Kaltenkirchen. „Wir werben schon heute darum, dass Bürgermeister Hanno Krause weitere sechs Jahre Verwaltungschef bei uns bleibt“, sagt Barkowsky. Zwar läuft die Amtszeit des CDU-Mannes erst Ende 2017 aus, aber Barkowsky ließ keinen Zweifel daran, dass Krause auch bei der kommenden Wahl der Kandidat der CDU sein werde.Der CDU-Fraktionschef betonte, dass man glücklich sei, Krause bei der Bürgermeisterwahl im Herbst 2011 ins Rennen geschickt zu haben. „Nach einem Jahr Einarbeitungszeit konnte man ab 2013 schon eine sehr positive Entwicklung Kaltenkirchens feststellen.“ Die Stadt sei unter seiner Führung zu einem Leuchtturm im Kreis Segeberg geworden.

 Barkowsky nannte auch den Grund, warum er sich als Fraktionsvorsitzender schon so frühzeitig auf eine Festlegung in der Bürgermeisterfrage entschieden habe. Die CDU und der Verwaltungschef seien in Sachfragen durchaus schon mal unterschiedlicher Meinung. Das ändere aber nichts daran, dass Krauses Arbeit hervorragend sei. Mit dem jetzigen Votum wolle man ihm den Rücken stärken und ihm zeigen, dass die CDU hinter ihm und seiner Arbeit stehe.

 Dazu gehöre auch die Führung der Verwaltung, die höchst effektiv arbeite. Durch Umbesetzung und Neueinstellung von Führungspersonal in Absprache mit der Stadtvertretung habe man motivierte Teams bilden können. Die CDU werde auch künftig einer Anhebung des Personals zustimmen, weil die Stadt – und damit auch die Aufgaben der Verwaltung – stetig wachsen würden.

 Barkowsky freute sich, dass schon zahlreiche Punkte aus dem letzten Wahlprogramm seiner Partei umgesetzt werden konnten. „Nachdem unsere Idee eines gemeinsamen Beratungszentrums am Flottkamp verwirklicht wurde, haben wir es jetzt geschafft, die Mittel für den Beratungsbetrieb für drei Jahre im Haushalt festschreiben zu können.“ Auch den Neubau der Feuerwache habe seine Fraktion unterstützt. Nun freue man sich auf die Eröffnung im Herbst.

 Die Ausweisung von Gewerbeflächen und deren Vermarktung laufe prima. „Und wir sind zufrieden, dass die Stadtvertretung dem Bau von 1000 neuen Wohnungen zugestimmt hat.“ Und hier möchte die CDU noch einmal nachlegen und spricht sich für ein neues Projekt an der Süderstraße aus. Die dort entstehenden Wohnungen sollten zu 50 Prozent geförderter Wohnraum sein, also preislich auch für Leute mit geringerem Einkommen erschwinglich. Mit solchen Programmen hatten sich die Christdemokraten in der Vergangenheit immer sehr schwer getan.

 Nicht mit sich reden lassen wird die CDU dagegen beim von SPD, Wählergemeinschaft Pro Kaki und FDP geplanten Umbau der Holstenstraße in eine sogenannte Straße für Alle. „Viel zu teuer“, meint Barkowsky mit Blick auf die dafür veranschlagten über zwei Millionen Euro. Statt dessen sollte lieber der Radensweg ausgebaut und im Stadtkern mehr Fuß- und Radwege mit barrierefreien Übergängen versehen werden.

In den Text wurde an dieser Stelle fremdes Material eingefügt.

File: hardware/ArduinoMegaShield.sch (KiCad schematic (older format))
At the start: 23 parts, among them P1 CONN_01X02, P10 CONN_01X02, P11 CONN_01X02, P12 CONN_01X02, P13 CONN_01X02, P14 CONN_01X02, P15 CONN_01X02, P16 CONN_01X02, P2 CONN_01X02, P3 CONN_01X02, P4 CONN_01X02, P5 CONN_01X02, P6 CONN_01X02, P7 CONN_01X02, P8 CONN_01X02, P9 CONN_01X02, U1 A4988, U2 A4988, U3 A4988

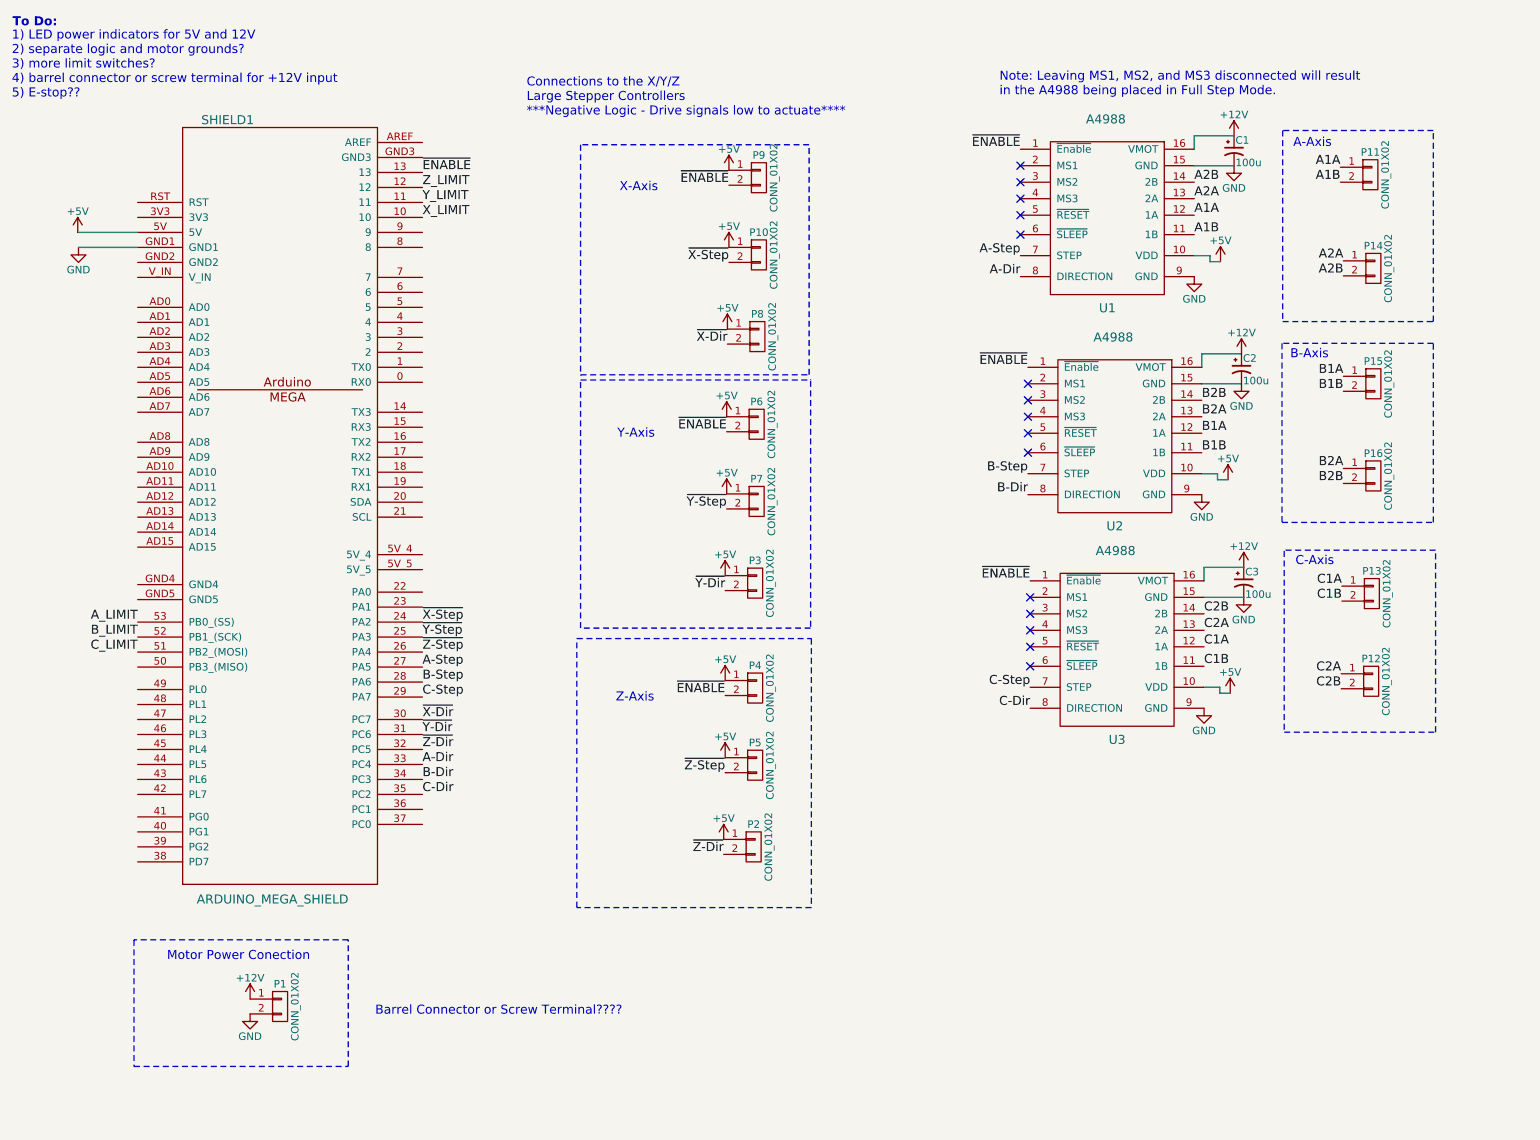
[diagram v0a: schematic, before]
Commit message: added microstepping NOPOP resistors and power indicator LEDs.  Assigned some footprints
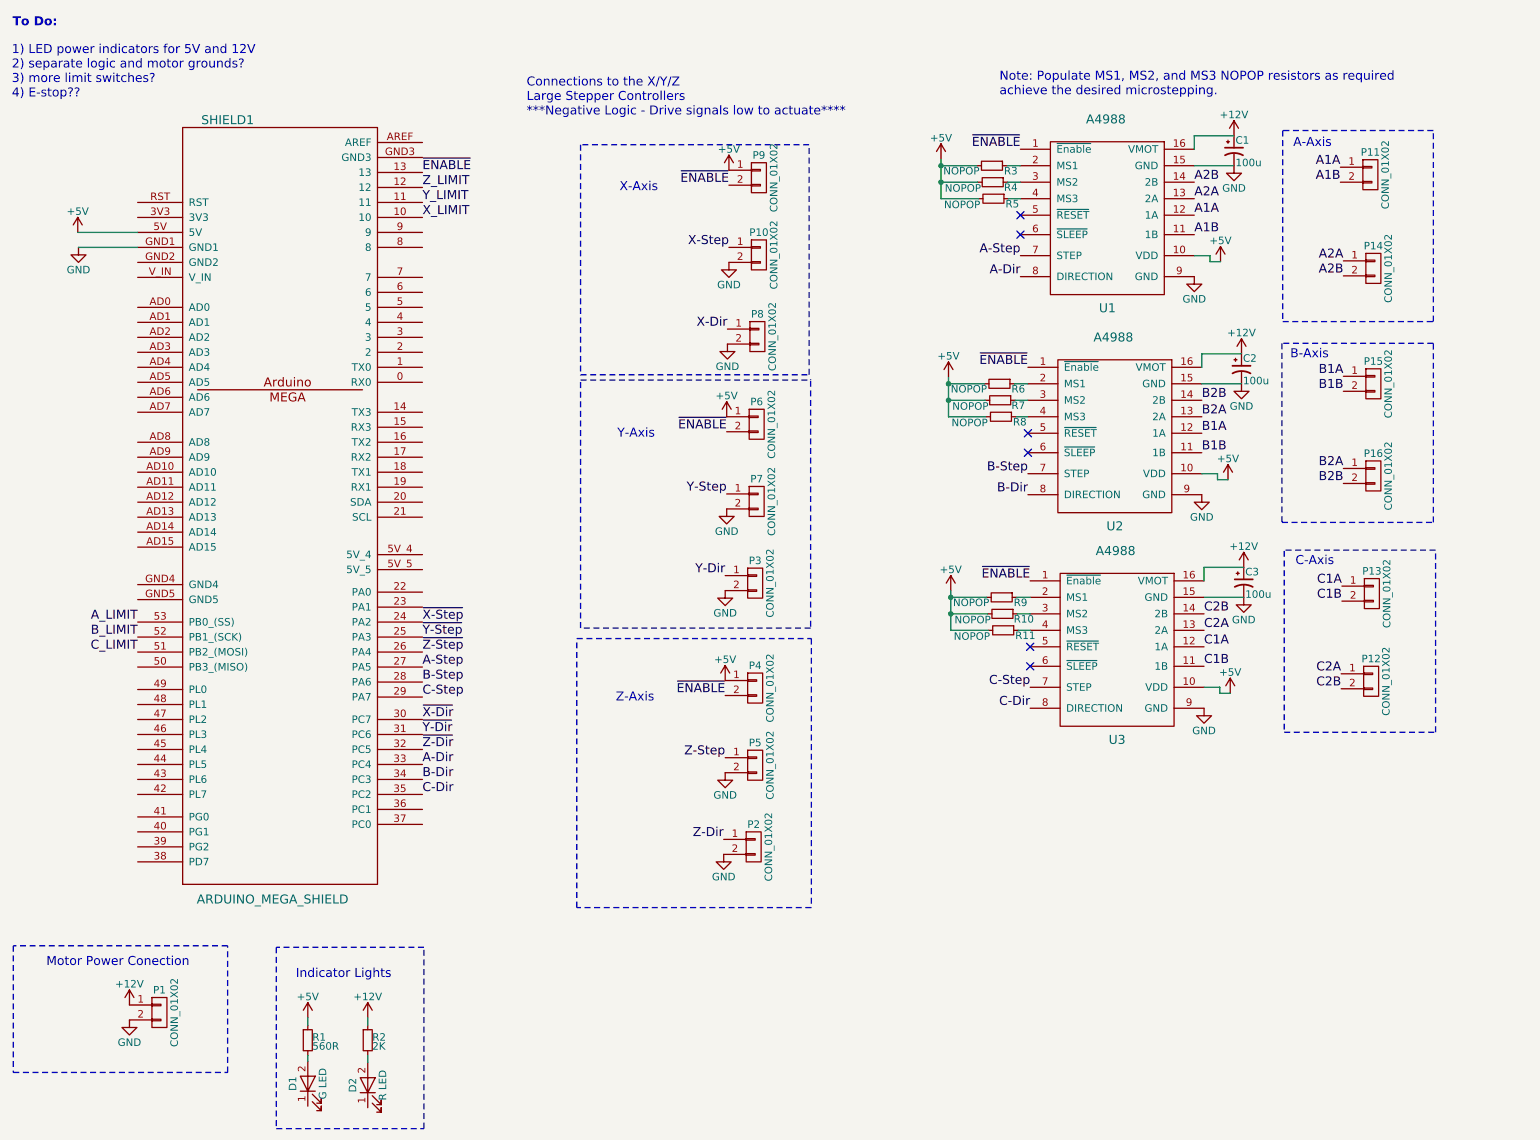
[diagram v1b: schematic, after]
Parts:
- added D1: G LED, LEDs:LED_0805, symbol LED
- added D2: R LED, LEDs:LED_0805, symbol LED
- added R1: 560R, Resistors_SMD:R_0805_HandSoldering, symbol R_Small
- added R10, R11, R3, R4, R5, R6, R7, R8, R9: NOPOP, Resistors_SMD:R_0805_HandSoldering, symbol R_Small
- added R2: 2K, Resistors_SMD:R_0805_HandSoldering, symbol R_Small
- P1, P10, P11, P12, P13, P14, P15, P16, P2, P3, P4, P5, P6, P7, P8, P9: footprint (none) -> Pin_Headers:Pin_Header_Straight_1x02
- SHIELD1: footprint (none) -> arduino-shields:ARDUINO_MEGA_SHIELD
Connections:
- net +12V: now also R2.1
- net +5V: now also R1.1, R10.2, R11.2, R3.2, R4.2, R5.2, R6.2, R7.2, R8.2, R9.2; no longer P10.1 (P1), P2.1 (P1), P3.1 (P1), P5.1 (P1), P7.1 (P1), P8.1 (P1)
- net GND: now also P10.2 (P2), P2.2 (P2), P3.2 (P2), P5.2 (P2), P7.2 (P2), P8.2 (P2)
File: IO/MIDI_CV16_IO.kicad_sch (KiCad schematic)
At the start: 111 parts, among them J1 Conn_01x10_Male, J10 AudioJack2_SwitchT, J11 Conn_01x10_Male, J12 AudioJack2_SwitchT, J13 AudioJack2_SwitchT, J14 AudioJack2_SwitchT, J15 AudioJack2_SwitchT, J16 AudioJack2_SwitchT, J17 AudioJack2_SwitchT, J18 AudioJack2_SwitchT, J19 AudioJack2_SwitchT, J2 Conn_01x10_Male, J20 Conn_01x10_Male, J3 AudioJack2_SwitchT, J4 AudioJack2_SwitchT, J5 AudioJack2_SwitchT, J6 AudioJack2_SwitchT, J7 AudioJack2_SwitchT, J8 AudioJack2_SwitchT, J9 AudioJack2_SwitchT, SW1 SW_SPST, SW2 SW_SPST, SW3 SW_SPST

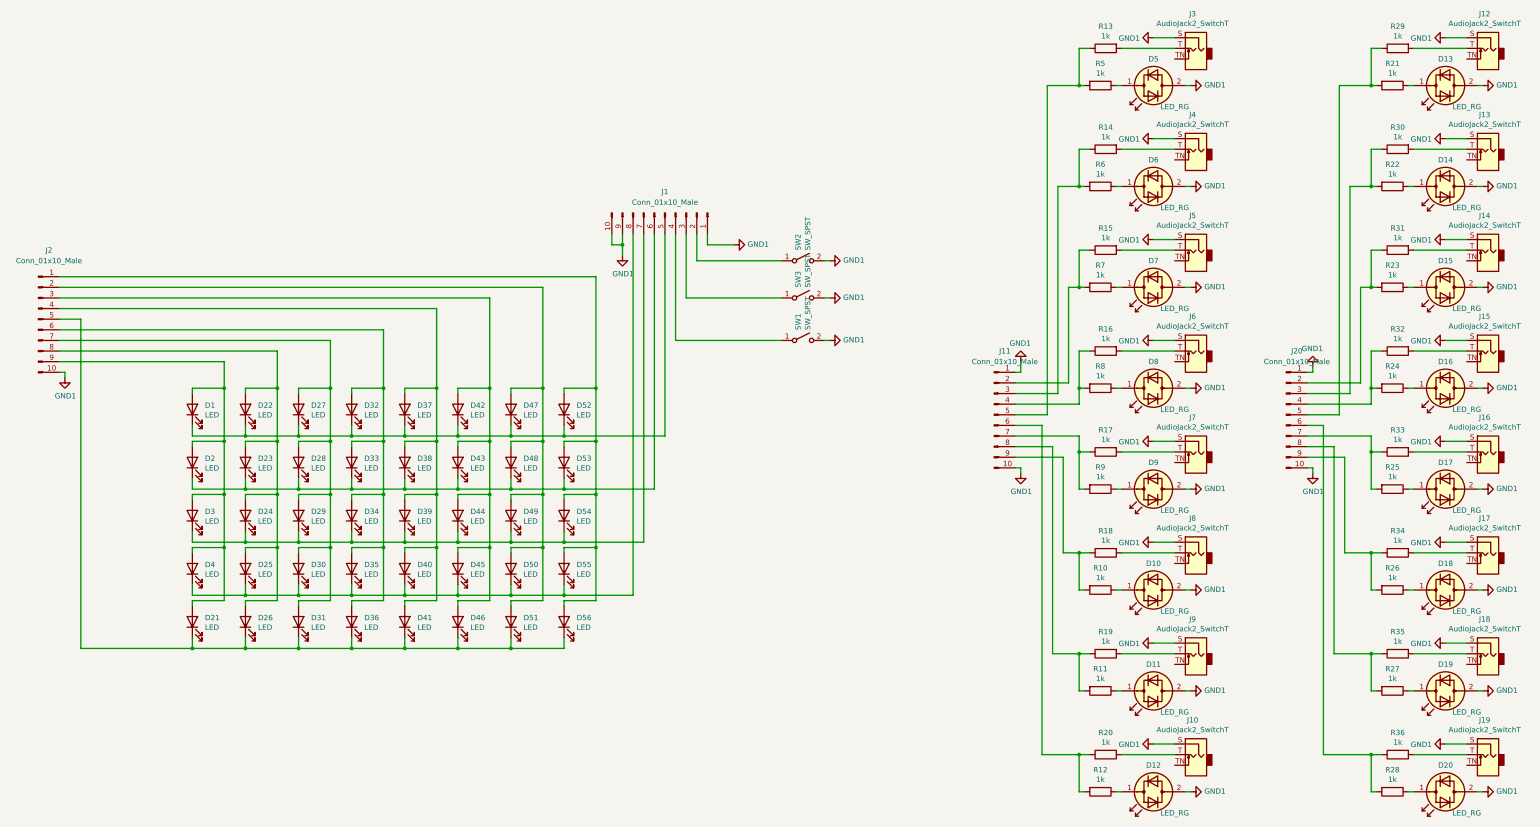
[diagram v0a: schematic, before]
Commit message: Update PCBs to V3.0
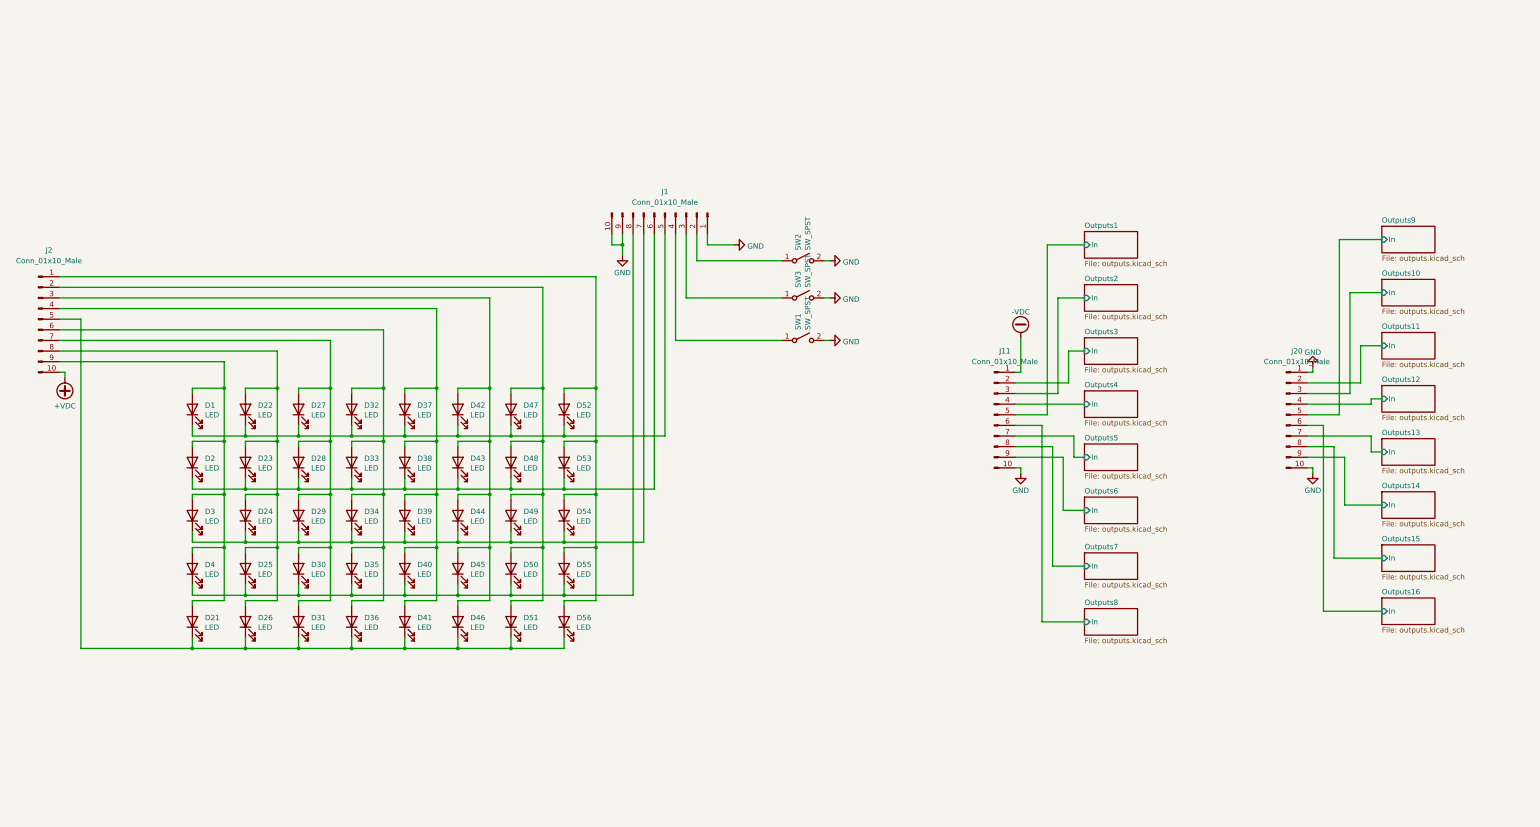
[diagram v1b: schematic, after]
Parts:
- removed D10, D11, D12, D13, D14, D15, D16, D17, D18, D19, D20, D5, D6, D7, D8, D9: LED_RG, LED_THT:LED_D5.0mm_FlatTop, symbol Device:LED_Dual_Bidirectional
- removed J10, J12, J13, J14, J15, J16, J17, J18, J19, J3, J4, J5, J6, J7, J8, J9: AudioJack2_SwitchT, Custom_FP:PJ398SM, symbol Connector_Audio:AudioJack2_SwitchT
- removed R10, R11, R12, R13, R14, R15, R16, R17, R18, R19, R20, R21, R22, R23, R24, R25, R26, R27, R28, R29, R30, R31, R32, R33, R34, R35, R36, R5, R6, R7, R8, R9: 1k, Resistor_SMD:R_0603_1608Metric, symbol Device:R
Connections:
- net Outputs3/In: now reaches J11.2 (Pin_2)
- net Outputs2/In: now reaches J11.3 (Pin_3)
- net Outputs4/In: now reaches J11.4 (Pin_4)
- net Outputs1/In: now reaches J11.5 (Pin_5)
- net Outputs8/In: now reaches J11.6 (Pin_6)
- net Outputs5/In: now reaches J11.7 (Pin_7)
- net Outputs7/In: now reaches J11.8 (Pin_8)
- net Outputs6/In: now reaches J11.9 (Pin_9)
- net Outputs11/In: now reaches J20.2 (Pin_2)
- net Outputs10/In: now reaches J20.3 (Pin_3)
- net Outputs12/In: now reaches J20.4 (Pin_4)
- net Outputs9/In: now reaches J20.5 (Pin_5)
- net Outputs16/In: now reaches J20.6 (Pin_6)
- net Outputs13/In: now reaches J20.7 (Pin_7)
- net Outputs15/In: now reaches J20.8 (Pin_8)
- net Outputs14/In: now reaches J20.9 (Pin_9)
- net GND1 renamed GND
- net GND: no longer J11.1 (Pin_1), J2.10 (Pin_10)
- new net +VDC: J2.10 (Pin_10)
- new net -VDC: J11.1 (Pin_1)
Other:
- added sheet Outputs1 (outputs.kicad_sch)
- added sheet Outputs10 (outputs.kicad_sch)
- added sheet Outputs11 (outputs.kicad_sch)
- added sheet Outputs12 (outputs.kicad_sch)
- added sheet Outputs13 (outputs.kicad_sch)
- added sheet Outputs14 (outputs.kicad_sch)
- added sheet Outputs15 (outputs.kicad_sch)
- added sheet Outputs16 (outputs.kicad_sch)
- added sheet Outputs2 (outputs.kicad_sch)
- added sheet Outputs3 (outputs.kicad_sch)
- added sheet Outputs4 (outputs.kicad_sch)
- added sheet Outputs5 (outputs.kicad_sch)
- added sheet Outputs6 (outputs.kicad_sch)
- added sheet Outputs7 (outputs.kicad_sch)
- added sheet Outputs8 (outputs.kicad_sch)
- added sheet Outputs9 (outputs.kicad_sch)

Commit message: Layout v3.1
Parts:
- J1, J11, J2, J20: footprint Connector_PinHeader_2.54mm:PinHeader_1x10_P2.54mm_Vertical_SMD_Pin1Left -> Connector_PinHeader_2.54mm:PinHeader_1x10_P2.54mm_Vertical_SMD_Pin1Right
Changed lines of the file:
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@@
       (effects (font (size 1.27 1.27)))
     )
-    (property "Footprint" "Connector_PinHeader_2.54mm:PinHeader_1x10_P2.54mm_Vertical_SMD_Pin1Left" (at 267.97 121.92 0)
+    (property "Footprint" "Connector_PinHeader_2.54mm:PinHeader_1x10_P2.54mm_Vertical_SMD_Pin1Right" (at 267.97 121.92 0)
       (effects (font (size 1.27 1.27)) hide)
     )
@@
       (effects (font (size 1.27 1.27)))
     )
-    (property "Footprint" "Connector_PinHeader_2.54mm:PinHeader_1x10_P2.54mm_Vertical_SMD_Pin1Left" (at 337.82 121.92 0)
+    (property "Footprint" "Connector_PinHeader_2.54mm:PinHeader_1x10_P2.54mm_Vertical_SMD_Pin1Right" (at 337.82 121.92 0)
       (effects (font (size 1.27 1.27)) hide)
     )
@@
       (effects (font (size 1.27 1.27)))
     )
-    (property "Footprint" "Connector_PinHeader_2.54mm:PinHeader_1x10_P2.54mm_Vertical_SMD_Pin1Left" (at 39.37 99.06 0)
+    (property "Footprint" "Connector_PinHeader_2.54mm:PinHeader_1x10_P2.54mm_Vertical_SMD_Pin1Right" (at 39.37 99.06 0)
       (effects (font (size 1.27 1.27)) hide)
     )
@@
       (effects (font (size 1.27 1.27)))
     )
-    (property "Footprint" "Connector_PinHeader_2.54mm:PinHeader_1x10_P2.54mm_Vertical_SMD_Pin1Left" (at 189.23 73.66 0)
-      (effects (font (size 1.27 1.27)) hide)
-    )
+    (property "Footprint" "Connector_PinHeader_2.54mm:PinHeader_1x10_P2.54mm_Vertical_SMD_Pin1Right" (at 189.23 73.66 0)
+      (effects (font (size 1.27 1.27)) hide)
+    )

Und in den Kreuzungsbereichen sollten die Übergänge mit farbigen Markierungen gestaltet werden. Außerdem sollte es ein Konzept für eine neue Straßenbeleuchtung geben.

 Barkowsky ging auch auf die Zusammenarbeit in der Stadtvertretung ein. Pro Kaki sei ein verlässlicherer Gesprächspartner als die SPD, mit der man aber mehr Gemeinsamkeiten habe, was zum Beispiel die Entwicklung von Bebauungsplänen betreffe. Die FDP habe wohl noch immer nicht verwunden, dass sie nicht mehr Zünglein an der Waage sei und kaum noch Einfluss habe. Das würde sich dann häufig leider in unerfreulichen Angriffen auf die CDU zeigen.

 Der einzige Stadtvertreter der Linken würde sich leider nicht an den wichtigen Ausschusssitzungen beteiligen. Wenn er dort präsenter wäre, „kann er sich viele unsinnige Vorstöße in der Stadtvertretung sparen“.